Farm to Forb

Some time ago there was a great strip of grassland splayed beautifully across much of North America. The beautiful chaos of Great Plains was wiped clean to install a grid of plain, lifeless crop and rangelands—they benefit us by “supplying” beef—not without the abuse of watersheds, pillaging of Native lands, desertification of rich soils, eutrophication of gulfs and exacerbation of climate change! How does that benefit humanity?

These beautiful grasslands were ripe with thousands of species living in harmony; unfortunately, not only did the first colonizers destroy this habitat, but we too are currently destroying it: "10 million acres of grasslands were lost between 2016 and 2020, and another 1.8 million acres were lost in 2020 alone—plowed primarily for row crop agriculture", as reported by the World Wildlife Fund. This is the sad truth of our day, and yet who among us are discussing this tragedy? Farm to Forb hopes to see more of the diversity observed at Midewin National Tallgrass Prairie, as captured below.

Farm to Forb is an initiative devoted to the restoration of farmland from centuries of monoculture crop growth back to native midwestern prairie.

  • A forb is a herbaceous flowering plant which is not a grass. We use this term in ecology, and it makes for the perfect title of our prairie restoration project.

  • No, our target farms are those whose usage is not beneficial to ecological systems, human and non-human.

Illinois: The Prairie State?

Prior to settlement, more than 60% of Illinois, approximately 22 million acres, was covered with prairie. In a 50-year span, this number astonishingly decreased to 2,000 acres, less than one-hundredth of one percent of the original. Romantic American writers have long described the great glory of our coasts, mountains, and forests, but the poetry of the prairies is missing from the American psyche because, of course, the prairies themselves are missing (for the simple reason that they are fertile and easy to till). Is the Illinois’ title as The Prairie State anything more than colloquial?

Prairie Ecosystems

There are certainly aesthetic reasons to devote great effort to restoring some of this nation’s prairies, but there are also solid ecological ones (i.e., carbon storage, sustaining biodiversity, etc.). A given acre of native grassland sequesters as much or more carbon from the atmosphere than a comparable amount of forest, fosters the life of billions of beneficial microorganisms, offers habitat for rodents and serpents, and provides food for pollinators like bees and birds.

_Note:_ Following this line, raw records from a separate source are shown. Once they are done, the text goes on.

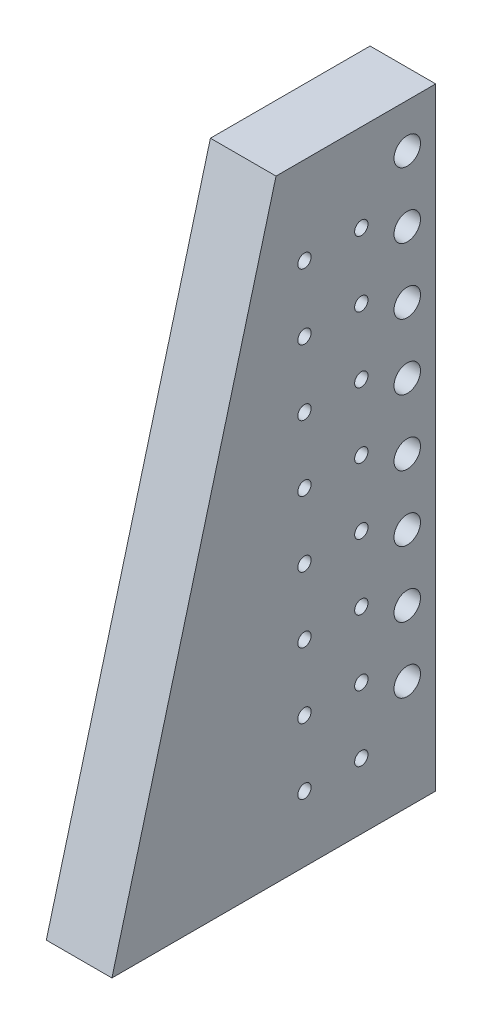
SolidWorks part; units mm, degrees
ref_plane "Front Plane" through (0, 0, 0) normal (0, 0, 1) x (1, 0, 0)
ref_plane "Top Plane" through (0, 0, 0) normal (0, 1, 0) x (1, 0, 0)
ref_plane "Right Plane" through (0, 0, 0) normal (1, 0, 0) x (0, 0, -1)
sketch "Sketch2" plane through (0, 0, 0) normal (1, 0, 0) x (0, 0, -1)
  line L0 (11.4872, 68.2051) -> (11.4872, -71.7949) construction
  line L1 (-56.0257, -71.7949) -> (17.9872, -71.7949)
  line L3 (-18.5128, 68.2051) -> (17.9872, 68.2051)
  line L4 (17.9872, -71.7949) -> (17.9872, 68.2051)
  line L7 (-56.0257, -71.7949) -> (-18.5128, 68.2051)
  circle A0 centre (11.4872, 58.2051) radius 3.025
  circle A1 centre (11.4872, 43.2051) radius 3.025
  circle A2 centre (11.4872, 28.2051) radius 3.025
  circle A3 centre (11.4872, 13.2051) radius 3.025
  circle A4 centre (11.4872, -1.7949) radius 3.025
  circle A5 centre (11.4872, -16.7949) radius 3.025
  circle A6 centre (11.4872, -31.7949) radius 3.025
  circle A7 centre (11.4872, -46.7949) radius 3.025
  circle A9 centre (0.9872, 48.2051) radius 1.525
  circle A10 centre (-12.0128, 48.2051) radius 1.525
  circle A11 centre (0.9872, 33.2051) radius 1.525
  circle A12 centre (-12.0128, 33.2051) radius 1.525
  circle A13 centre (0.9872, 18.2051) radius 1.525
  circle A14 centre (-12.0128, 18.2051) radius 1.525
  circle A15 centre (0.9872, 3.2051) radius 1.525
  circle A16 centre (-12.0128, 3.2051) radius 1.525
  circle A17 centre (0.9872, -11.7949) radius 1.525
  circle A18 centre (-12.0128, -11.7949) radius 1.525
  circle A19 centre (0.9872, -26.7949) radius 1.525
  circle A20 centre (-12.0128, -26.7949) radius 1.525
  circle A21 centre (0.9872, -41.7949) radius 1.525
  circle A22 centre (-12.0128, -41.7949) radius 1.525
  circle A23 centre (0.9872, -56.7949) radius 1.525
  circle A24 centre (-12.0128, -56.7949) radius 1.525
  point P0 (0, 0)
  dimension "D3" = 10
  dimension "D8" = 13
  dimension "D6" = 3.05
  dimension "D1" = 140
  dimension "D2" = 30
  dimension "D5" = 6.5
  dimension "D7" = 15
  dimension "D9" = 75
  dimension "D10" = 10
  dimension "D11" = 10.5
  dimension "D4" = 8
  dimension "D12" = 8
extrude "Boss-Extrude2" add sketch "Sketch2" along normal blind 15

Ideally, we will be able to restore large, continuous and diverse parcels of prairie — seeing as certain species, such as the Northern Harrier, aren’t likely to benefit from a prairie smaller than 1,000 acres. However, smaller parcels still prove beneficial to the soil microbiome, fungi, rodents, small birds and the atmosphere. When we can, we will elect to work on land which has the potential to one day serve as a home for a greater array of species, including the likes of the Northern Harrier and the endangered Prairie Chicken. In this way, we are working to restore and investigate the functions of the prairie ecosystem from the soil to the sky.

Timeline

We are currently restoring a nine-acre parcel in Tampico, IL, which has suffered from generations of corn and soy growth:

  • Rotated between organic corn and soy from 2014 to 2023.

  • Assumed land steward role in January 2024

  • Former Farmer cut hay in May and August 2024

  • Soil sample taken to lab in November 2024

    • Ongoing soil testing will be performed to measure the change in composition over time.

The soil test results indicate fairly poor soil; the organic matter rate of 3.2% is relatively low and so too is the estimated nitrogen release. Frequent testing of these key indicators should demonstrate the efficacy of our work.

Goals

While the biggest picture goal ought to be to entirely restore the former 22 million acres of Native Illinois Prairie, we aim to convert 1,000 acres of Illinois monotypic farmland back to prairie. 

  • Consider how prairie restoration impacts the entire ecosystem, from the soil to the sky.

  • Study how the ecosystems change over time as a function of parcel size, species diversity, geography, and other factors.